Friday, March 5, 2010

Behavioral health economics?

One of the biggest economics issues of our time is health care. Can we use the Homo Communitatis framework (see posted paper), which is essentially a mathematical version of the concepts of behavior and communities in Descriptive, to get a better handle on the economics of health care? For example, about 10% of the health care costs in the US today are due to obesity-related problems. That will rise to 20% in 8 years. We know what it takes to change that: change the diet and exercise habits of the populace. But we know how hard it is to do that. If we formulate the decisions using the 4-dimensional formulation of value (H, P, E, E), rather than the undifferentiated notion of "value" used in economics (even behavioral econ) today, and deliberate action, can we get any insights into what might work?

4 comments:

Tony Putman said...

The "Homo Communitatis" paper is at:
www.descriptivepsychologyinstitute.org/HomoCommunitatis.pdf

Tony Putman said...

This is a vast topic, Joe, and I think we have to eat this elephant one bite at a time. Here’s a first nibble.

Clearly what economists call “incentives” are at issue here all over the place. “Incentive”, however, is classic Critic language and people do what they do (including eat) as Actors. Not surprisingly, weight-reduction programs designed around incentives have a very mixed track record.

Perhaps we can do a little better. Take this principle: A person will value a real something over the “same” possible something. Then if we want to use incentives we would give them to people up front. Say, agree on a weight-loss goal for this week, and put a 20% refund on this week’s health insurance premium in their bank account, with the stipulation that they will lose it if they don’t meet their weight goal.

If we look at it closely I bet we can find comparable ways of arranging organizational or system incentives.

I suspect there are a number of status-dynamic moves that might help as well. Making merely possible actually possible, for example? Accreditation? Anyone have a thought here?

Joe J said...

One of the things trumpeted as a deep insight by the current BE guys is that people are "loss averse." From Wikipedia:

In prospect theory, loss aversion refers to people's tendency to strongly prefer avoiding losses to acquiring gains. Some studies suggest that losses are twice as powerful, psychologically, as gains. Loss aversion was first convincingly demonstrated by Amos Tversky and Daniel Kahneman

This is interesting in a couple of ways, not the least being the correspondence to "a person will not choose less behavior potential over more." I was fascinated to see Tony's formulation in terms of valuing a real something vs. the potential of that thing.
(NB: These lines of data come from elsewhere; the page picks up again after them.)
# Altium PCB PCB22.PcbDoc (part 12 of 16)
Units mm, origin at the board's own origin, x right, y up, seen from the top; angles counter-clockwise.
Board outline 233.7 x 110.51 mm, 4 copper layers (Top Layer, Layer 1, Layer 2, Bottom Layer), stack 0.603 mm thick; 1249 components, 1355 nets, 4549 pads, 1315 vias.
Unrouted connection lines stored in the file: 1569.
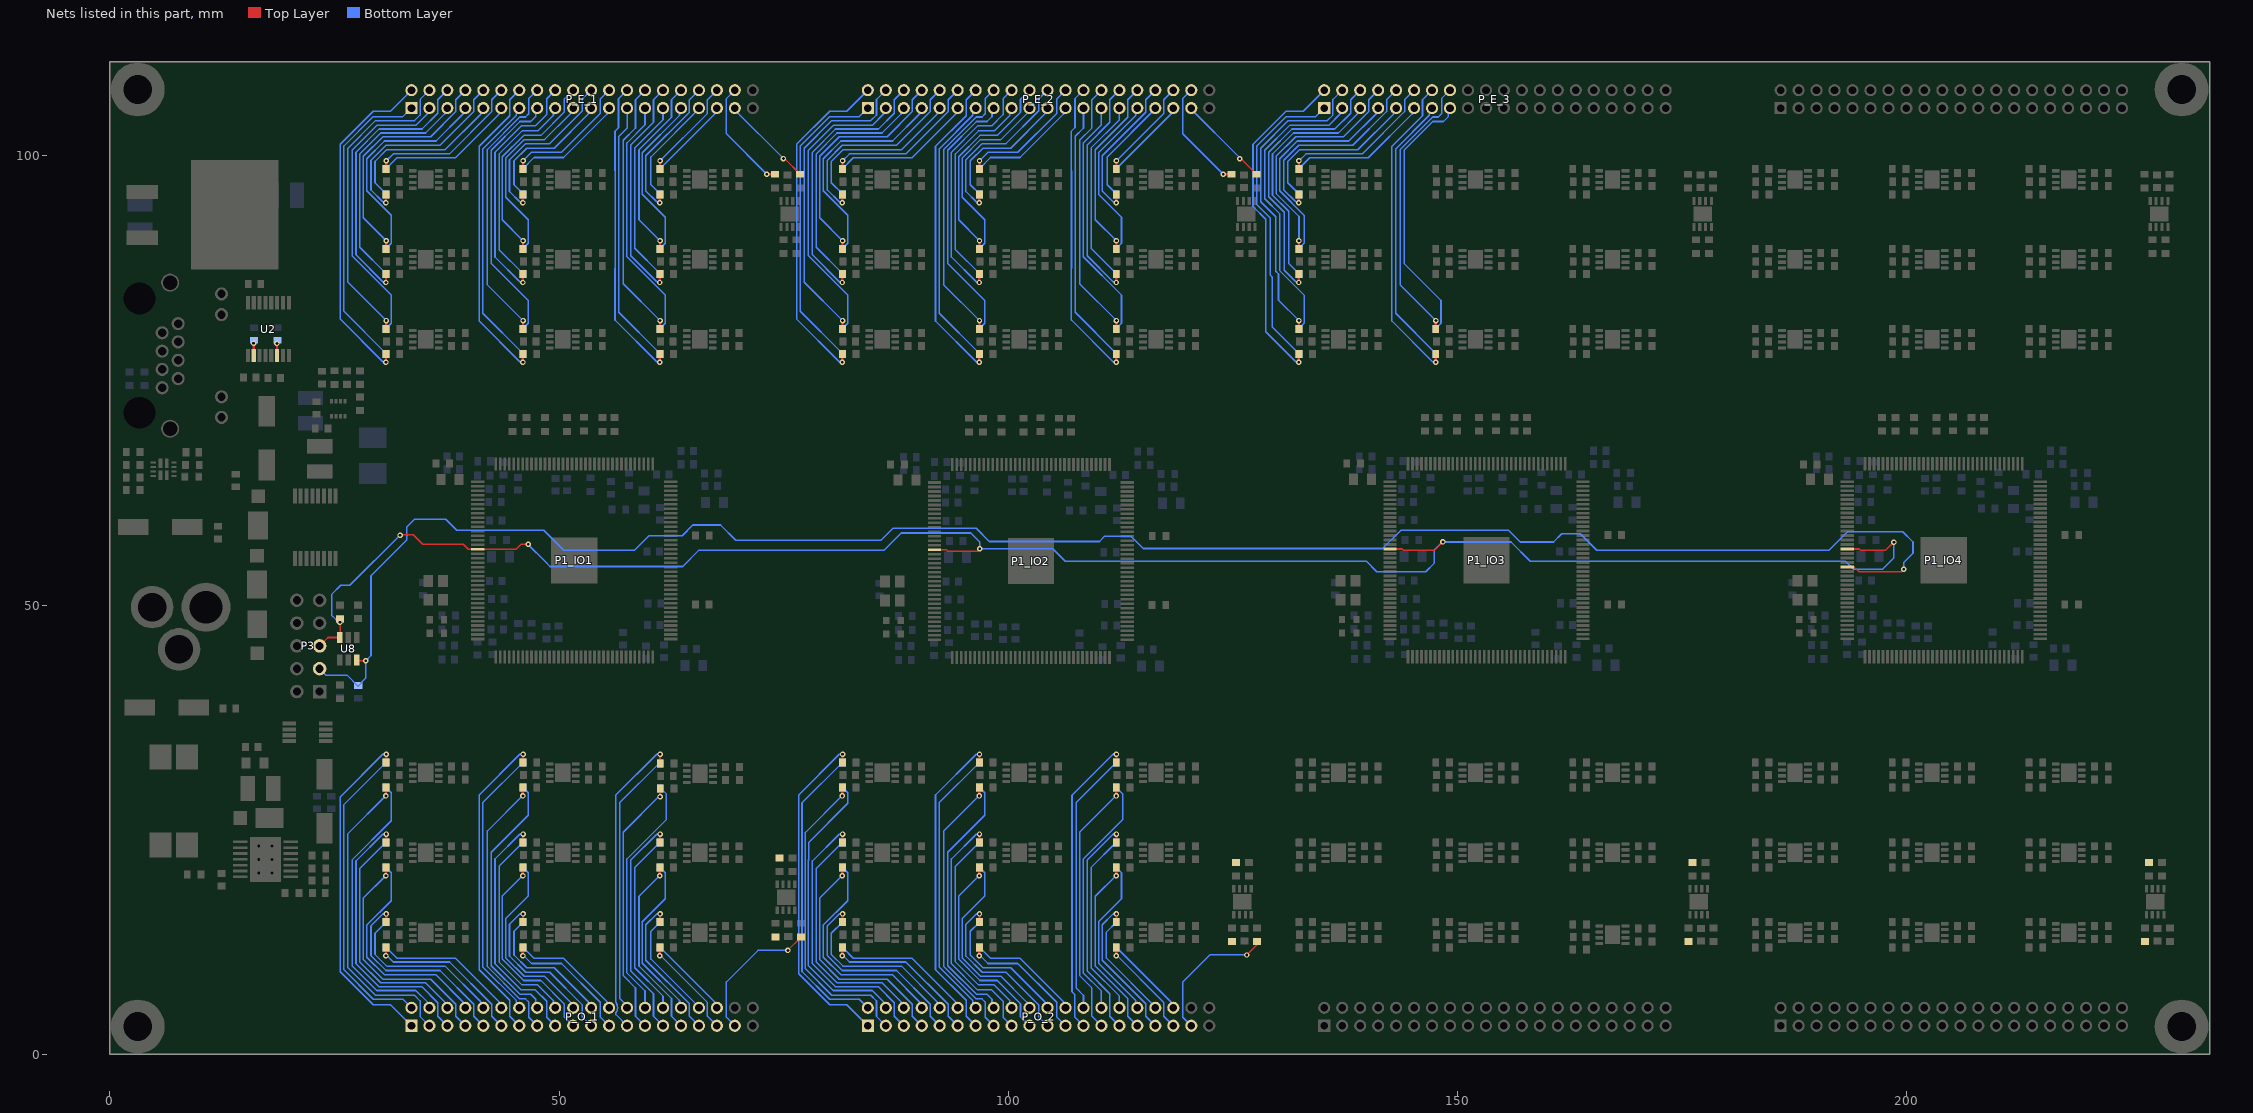
[diagram p14: the nets of this part, all layers, seen from the top]

## Via types
v1: diameter 0.61, hole 0.305, Top Layer to Bottom Layer, 1315 vias

## Nets (pads, with @x,y where several pads share a name; then routed paths per layer and width w, separated by ;. In a path a pad name is that pad's centre, name@x,y a point inside that pad or via, vN(x,y) a via of type N, cw(c..) or ccw(c..) an arc to the next point about the centre after c; other vN are vias at no path point) (continued)
TDO: C37.2 P1_IO4.20 P3.3 U8.6 | length 213.3
  Top Layer w0.178: U8.6@27.474,43.903 27.548,43.83 v1(28.48,43.83) ; P1_IO4.20@193.369,54.255 194.135,54.255 194.683,53.707 199.393,53.707 v1(199.676,53.99)
  Bottom Layer w0.178: P3.3@23.339,42.928 24.082,42.185 26.43,42.185 27.568,41.048 C37.2@27.637,41.048 27.706,41.048 27.998,41.34 27.998,41.409 28.48,41.891 v1(28.48,43.83) 29.055,44.405 29.055,53.285 33.057,57.287 33.057,58.736 33.899,59.578 37.37,59.578 38.593,58.355 48.273,58.355 50.513,56.115 58.376,56.115 60.003,57.742 63.688,57.742 64.877,58.931 67.96,58.931 69.67,57.221 85.814,57.221 87.15,58.557 96.416,58.557 97.881,57.092 110.14,57.092 110.712,57.663 113.658,57.663 115.007,56.314 141.656,56.314 143.664,58.322 155.687,58.322 156.972,57.038 160.679,57.038 161.587,57.947 163.653,57.947 165.495,56.105 191.351,56.105 193.412,58.167 199.563,58.167 200.692,57.038 200.692,55.768 199.676,54.752 v1(199.676,53.99)
TMS: C38.2 P1_IO1.16 P1_IO2.16 P1_IO3.16 P1_IO4.16 P3.5 R11.2 U8.3 | length 213.5
  Top Layer w0.178: P3.5@23.339,45.468 24.274,46.403 U8.3@25.574,46.403 25.615,46.444 R11.2@25.615,48.481 ; v1(32.29,57.8) 32.333,57.843 33.771,57.843 34.83,56.784 39.337,56.784 39.892,56.229 P1_IO1.16@40.944,56.229 45.197,56.229 45.752,56.784 46.567,56.784 v1(46.575,56.792) ; P1_IO2.16@91.772,56.163 93.121,56.163 93.265,56.019 96.549,56.019 v1(96.806,56.276) ; P1_IO3.16@142.493,56.251 143.842,56.251 143.986,56.106 147.436,56.106 v1(148.368,57.038) ; P1_IO4.16@193.369,56.255 194.718,56.255 194.863,56.11 197.644,56.11 198.541,57.007 v1(198.568,57.007)
  Bottom Layer w0.178: C38.2@25.615,48.481 25.536,48.402 25.155,48.402 25.155,48.406 24.67,48.892 24.67,51.183 25.699,52.212 26.702,52.212 v1(32.29,57.8) ; v1(46.575,56.792) 46.575,56.723 48.47,54.828 48.986,54.312 63.743,54.312 65.569,56.138 86.179,56.138 88.073,58.032 95.812,58.032 96.806,57.038 v1(96.806,56.276) 104.934,56.276 106.326,54.884 139.854,54.884 141.01,53.728 146.448,53.728 147.426,54.706 147.426,56.191 148.273,57.038 v1(148.368,57.038) 155.949,57.038 158.089,54.898 193.18,54.898 194.088,53.99 197.288,53.99 198.568,55.27 v1(198.568,57.007)
  other v1: 25.597,48.1
V+: C41.2 U2.2 | length 1.4
  Top Layer w0.254: v1(15.988,79.144) 16.007,79.125 U2.2@16.007,77.793
V-: C44.2 U2.6 | length 1.4
  Top Layer w0.254: v1(18.587,79.136) 18.607,79.116 U2.6@18.607,77.793
V_IN76_U_VoltageAmplifier_1xFPGA1: R28_U_VoltageAmplifier381.1 | length 0
  Top Layer w0.254: R28_U_VoltageAmplifier381.1@74.529,21.892 R28_U_VoltageAmplifier381.1@74.541,21.88
V_IN76_U_VoltageAmplifier_1xFPGA2: R28_U_VoltageAmplifier382.1 | length 0
  Top Layer w0.254: R28_U_VoltageAmplifier382.1@125.329,21.384 R28_U_VoltageAmplifier382.1@125.341,21.372
V_IN76_U_VoltageAmplifier_1xFPGA3: R28_U_VoltageAmplifier383.1 | length 0
  Top Layer w0.254: R28_U_VoltageAmplifier383.1@176.129,21.384 R28_U_VoltageAmplifier383.1@176.141,21.372
V_IN76_U_VoltageAmplifier_1xFPGA4: R28_U_VoltageAmplifier384.1 | length 0
  Top Layer w0.254: R28_U_VoltageAmplifier384.1@226.929,21.384 R28_U_VoltageAmplifier384.1@226.941,21.372
V_OUT1: P_E_1.2 R27_U_VoltageAmplifier11.2 | length 37.9
  Top Layer w0.254: v1(30.725,77.029) 30.725,77.946 R27_U_VoltageAmplifier11.2@30.736,77.957
  Bottom Layer w0.178: v1(30.725,77.029) 30.642,77.112 30.379,77.112 25.629,81.862 25.629,101.308 29.311,104.99 31.22,104.99 P_E_1.2@33.56,107.33
V_OUT2: P_E_1.4 R29_U_VoltageAmplifier11.2 | length 34.6
  Top Layer w0.254: R29_U_VoltageAmplifier11.2@30.736,80.751 30.748,80.763 v1(30.748,81.679)
  Bottom Layer w0.178: v1(30.748,81.679) 26.487,85.941 26.487,100.868 29.558,103.94 33.897,103.94 34.523,104.566 34.523,106.293 P_E_1.4@35.56,107.33
V_OUT3: P_E_1.3 R27_U_VoltageAmplifier21.2 | length 32.7
  Bottom Layer w0.178: R27_U_VoltageAmplifier21.2@30.736,80.751 30.736,80.815 31.319,81.398 31.319,84.516 26.949,88.887 26.949,100.651 29.702,103.405 34.047,103.405 35.336,104.693 35.336,105.106 P_E_1.3@35.56,105.33
V_OUT4: P_E_1.1 R29_U_VoltageAmplifier21.2 | length 34.4
  Bottom Layer w0.178: R29_U_VoltageAmplifier21.2@30.736,77.957 30.736,78.021 26.047,82.71 26.047,101.11 29.32,104.384 32.614,104.384 P_E_1.1@33.56,105.33
V_OUT5: P_E_1.6 R27_U_VoltageAmplifier31.2 | length 30.9
  Top Layer w0.254: v1(30.725,85.919) 30.725,86.836 R27_U_VoltageAmplifier31.2@30.736,86.847
  Bottom Layer w0.178: v1(30.725,85.919) 30.642,86.002 30.379,86.002 27.389,88.992 27.389,100.428 29.96,103 34.735,103 36.502,104.767 36.502,106.272 P_E_1.6@37.56,107.33
V_OUT6: P_E_1.8 R29_U_VoltageAmplifier31.2 | length 26.6
  Top Layer w0.254: R29_U_VoltageAmplifier31.2@30.736,89.641 30.748,89.653 v1(30.748,90.569)
  Bottom Layer w0.178: v1(30.748,90.569) 28.203,93.114 28.203,99.966 30.388,102.151 35.713,102.151 38.502,104.94 38.502,106.272 P_E_1.8@39.56,107.33
V_OUT7: P_E_1.7 R27_U_VoltageAmplifier41.2 | length 25
  Bottom Layer w0.178: R27_U_VoltageAmplifier41.2@30.736,89.641 30.736,89.705 31.319,90.288 31.319,93.406 28.599,96.126 28.599,99.702 30.565,101.668 36.304,101.668 39.336,104.7 39.336,105.106 P_E_1.7@39.56,105.33
V_OUT8: P_E_1.5 R29_U_VoltageAmplifier41.2 | length 26.7
  Bottom Layer w0.178: R29_U_VoltageAmplifier41.2@30.736,86.847 30.736,86.911 27.807,89.84 27.807,100.23 30.132,102.556 35.136,102.556 37.247,104.667 37.247,104.7 37.56,105.013 P_E_1.5@37.56,105.33
V_OUT9: P_E_1.10 R27_U_VoltageAmplifier51.2 | length 23
  Top Layer w0.254: v1(30.725,94.809) 30.725,95.726 R27_U_VoltageAmplifier51.2@30.736,95.737
  Bottom Layer w0.178: v1(30.725,94.809) 30.642,94.892 30.379,94.892 29.061,96.21 29.061,99.526 30.72,101.185 36.746,101.185 40.502,104.94 40.502,106.272 P_E_1.10@41.56,107.33
V_OUT10: P_E_1.12 R29_U_VoltageAmplifier51.2 | length 17.8
  Top Layer w0.254: R29_U_VoltageAmplifier51.2@30.736,98.531 30.748,98.543 v1(30.748,99.459)
  Bottom Layer w0.178: v1(30.748,99.459) 31.52,100.231 37.793,100.231 42.502,104.94 42.502,106.272 P_E_1.12@43.56,107.33
V_OUT11: P_E_1.11 R27_U_VoltageAmplifier61.2 | length 15.9
  Bottom Layer w0.178: R27_U_VoltageAmplifier61.2@30.736,98.531 30.736,98.595 31.951,99.809 38.468,99.809 43.336,104.677 43.336,105.106 P_E_1.11@43.56,105.33
V_OUT12: P_E_1.9 R29_U_VoltageAmplifier61.2 | length 18.9
  Bottom Layer w0.178: R29_U_VoltageAmplifier61.2@30.736,95.737 30.736,95.801 29.501,97.036 29.501,99.394 30.795,100.688 37.303,100.688 41.264,104.649 41.264,104.717 41.56,105.013 P_E_1.9@41.56,105.33
V_OUT13: P_E_1.14 R27_U_VoltageAmplifier71.2 | length 35.3
  Top Layer w0.254: v1(45.965,77.029) 45.965,77.946 R27_U_VoltageAmplifier71.2@45.976,77.957
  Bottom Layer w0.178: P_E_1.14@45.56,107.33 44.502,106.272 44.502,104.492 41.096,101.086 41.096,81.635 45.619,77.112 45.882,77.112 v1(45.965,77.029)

His proposal fits this very, very nicely: the 20% in the bank vs a promise of 20% in the future.

Unknown said...

One thing I've noticed is that my decisions as to what I eat take place mostly in the grocery store. What I don't buy, I don't eat; this applies to restaurants as well, although there are other factors at restaurants (many small decisions, limited selection, gigantic portions) which make restaurants harder. Even there, I can choose which one to walk into.

Perhaps what's needed is a phone app that helps you to make good choices in the grocery store, find healthy food on the go, and rewards good behavior on the spot by some kind of game-like system? Ideally it would help you figure out how to shop for and prepare meals that you like, that have the right profile for health.

Weight-loss, unfortunately, is a false incentive, as any wrestler can tell you. You'd have people sweating themselves down to get extra drinking money on the weekend. But with better metrics this could work.

The simplest solution might just be to offer insurance-subsidized lessons in how to buy, prepare and cook a healthy, nourishing plant-based diet. The community which can form there would provide all the health incentives most people would need.